EPPO Global Database

EPPO Reporting Service no. 10 - 2000 Num. article: 2000/162

Strawberry green petal and lethal yellows diseases are associated with Phytoplasma australiense


Strawberry lethal yellows phytoplasma (EPPO Alert List) is associated with a severe decline of strawberry (see EPPO RS 98/171). This disease is reported in New Zealand and Australia. In New Zealand, it has been found that the strawberry lethal yellows phytoplasma was related to, or identical with, phytoplasmas associated with phormium yellow leaf disease, Australian grapevine yellows (the phytoplasma associated with this disease has been designated Candidatus Phytoplasma australiense) and papaya dieback. Strawberries can be affected by a number of phytoplasma diseases, including green petal.

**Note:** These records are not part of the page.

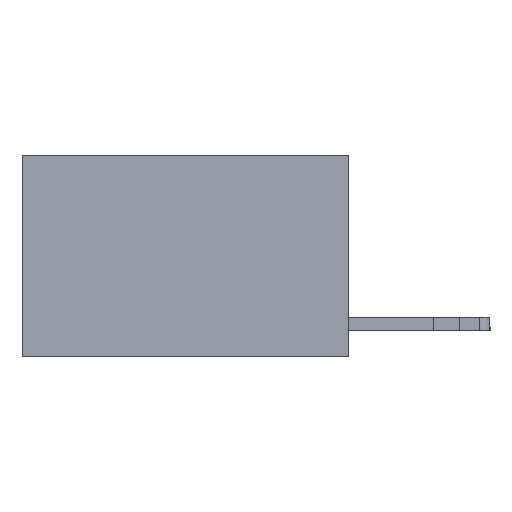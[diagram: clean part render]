
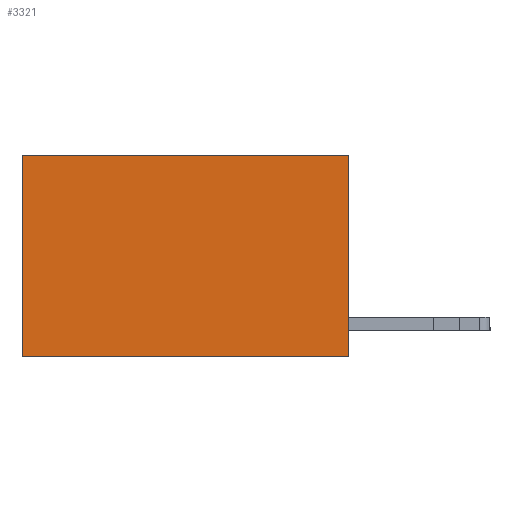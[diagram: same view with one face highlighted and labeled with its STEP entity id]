
A CAD part, left-side view. The second image highlights one B-rep face of the part: STEP entity #3321.
In plain terms, the highlighted planar face has unit normal (-1, 0, 0).
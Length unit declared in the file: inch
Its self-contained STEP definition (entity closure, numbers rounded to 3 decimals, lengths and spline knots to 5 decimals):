
#444 = VERTEX_POINT ( 'NONE', #6679 ) ;
#533 = ORIENTED_EDGE ( 'NONE', *, *, #15044, .F. ) ;
#831 = ORIENTED_EDGE ( 'NONE', *, *, #13201, .T. ) ;
#2197 = CARTESIAN_POINT ( 'NONE',  ( 0.2625, 0., -0.37 ) ) ;
#2600 = VECTOR ( 'NONE', #9046, 39.37008 ) ;
#3321 = ADVANCED_FACE ( 'NONE', ( #6643 ), #17656, .F. ) ;
#3461 = DIRECTION ( 'NONE',  ( 0., 0., -1. ) ) ;
#3613 = VERTEX_POINT ( 'NONE', #2197 ) ;
#4884 = CARTESIAN_POINT ( 'NONE',  ( 0.2625, 0.6, 0. ) ) ;
#4941 = LINE ( 'NONE', #10446, #9917 ) ;
#4963 = CARTESIAN_POINT ( 'NONE',  ( 0.2625, 0., 0. ) ) ;
#5469 = DIRECTION ( 'NONE',  ( 1., 0., 0. ) ) ;
#6267 = EDGE_LOOP ( 'NONE', ( #16430, #533, #16001, #831 ) ) ;
#6525 = EDGE_CURVE ( 'NONE', #15920, #3613, #9868, .T. ) ;
#6559 = VECTOR ( 'NONE', #3461, 39.37008 ) ;
#6643 = FACE_OUTER_BOUND ( 'NONE', #6267, .T. ) ;
#6679 = CARTESIAN_POINT ( 'NONE',  ( 0.2625, 0.6, -0.37 ) ) ;
#7338 = CARTESIAN_POINT ( 'NONE',  ( 0.2625, 0.6, 0. ) ) ;
#8235 = VECTOR ( 'NONE', #17728, 39.37008 ) ;
#9046 = DIRECTION ( 'NONE',  ( 0., 0., -1. ) ) ;
#9438 = LINE ( 'NONE', #9524, #8235 ) ;
#9444 = CARTESIAN_POINT ( 'NONE',  ( 0.2625, 0., 0. ) ) ;
#9524 = CARTESIAN_POINT ( 'NONE',  ( 0.2625, 0., -0.37 ) ) ;
#9868 = LINE ( 'NONE', #10399, #2600 ) ;
#9917 = VECTOR ( 'NONE', #13105, 39.37008 ) ;
#10399 = CARTESIAN_POINT ( 'NONE',  ( 0.2625, 0., 0. ) ) ;
#10446 = CARTESIAN_POINT ( 'NONE',  ( 0.2625, 0., 0. ) ) ;
#10788 = DIRECTION ( 'NONE',  ( 0., 0., -1. ) ) ;
#11235 = AXIS2_PLACEMENT_3D ( 'NONE', #9444, #5469, #10788 ) ;
#13105 = DIRECTION ( 'NONE',  ( 0., 1., 0. ) ) ;
#13201 = EDGE_CURVE ( 'NONE', #15920, #17285, #4941, .T. ) ;
#15044 = EDGE_CURVE ( 'NONE', #3613, #444, #9438, .T. ) ;
#15538 = LINE ( 'NONE', #7338, #6559 ) ;
#15920 = VERTEX_POINT ( 'NONE', #4963 ) ;
#16001 = ORIENTED_EDGE ( 'NONE', *, *, #6525, .F. ) ;
#16430 = ORIENTED_EDGE ( 'NONE', *, *, #16657, .T. ) ;
#16657 = EDGE_CURVE ( 'NONE', #17285, #444, #15538, .T. ) ;
#17285 = VERTEX_POINT ( 'NONE', #4884 ) ;
#17656 = PLANE ( 'NONE',  #11235 ) ;
#17728 = DIRECTION ( 'NONE',  ( 0., 1., 0. ) ) ;

Green petal disease occurs sporadically in Europe, North America and Australia, and symptoms (green petals) are usually less severe than those of strawberry lethal yellows. A recent Australian study was carried out on strawberry plants showing symptoms of green petal (3 plants) and lethal yellows diseases (8 plants) using molecular techniques (RFLP analysis of 16S rRNA gene and adjacent spacer region, and sequence comparison). Results showed that the phytoplasmas detected in strawberry plants with green petal and lethal yellows diseases were indistinguishable and were most closely related to P. australiense. The authors noted that this also supports the view that strawberry lethal yellows diseases are caused by the same phytoplasma in New Zealand and in Australia.

Many questions are raised by this study. As green petal disease occurs in other parts of the world, the geographical distribution of P. australiense which was previously considered as endemic to New Zealand and Australia, may need to be revised. The fact that the same phytoplasma was associated with two distinct diseases in strawberry cannot yet be explained (cultivar susceptibility, environmental conditions, disease progression?). The authors thought that mixed infections with other phytoplasmas could perhaps explain differences in symptomatology, but this hypothesis could not be verified. In particular, another lethal yellows in Australia has been associated with rickettsia-like bacteria [EPPO note: this disease was described in 1979 and nothing has been published on it since; its status is distinctly doubtful]. But in the present study, no rickettsia-like bacteria were found in diseased strawberry plants testing positive for P. australiense. More studies on a larger number of plants are needed to try to better understand the etiology and the epidemiology of these strawberry diseases.

Sources

Padovan, A.; Gibb, K.; Persley, D. (2000) Association of ‘Candidatus Phytoplasma australiense’ with green petal and lethal yellows diseases in strawberry.
Plant Pathology, 49(3), 362-369.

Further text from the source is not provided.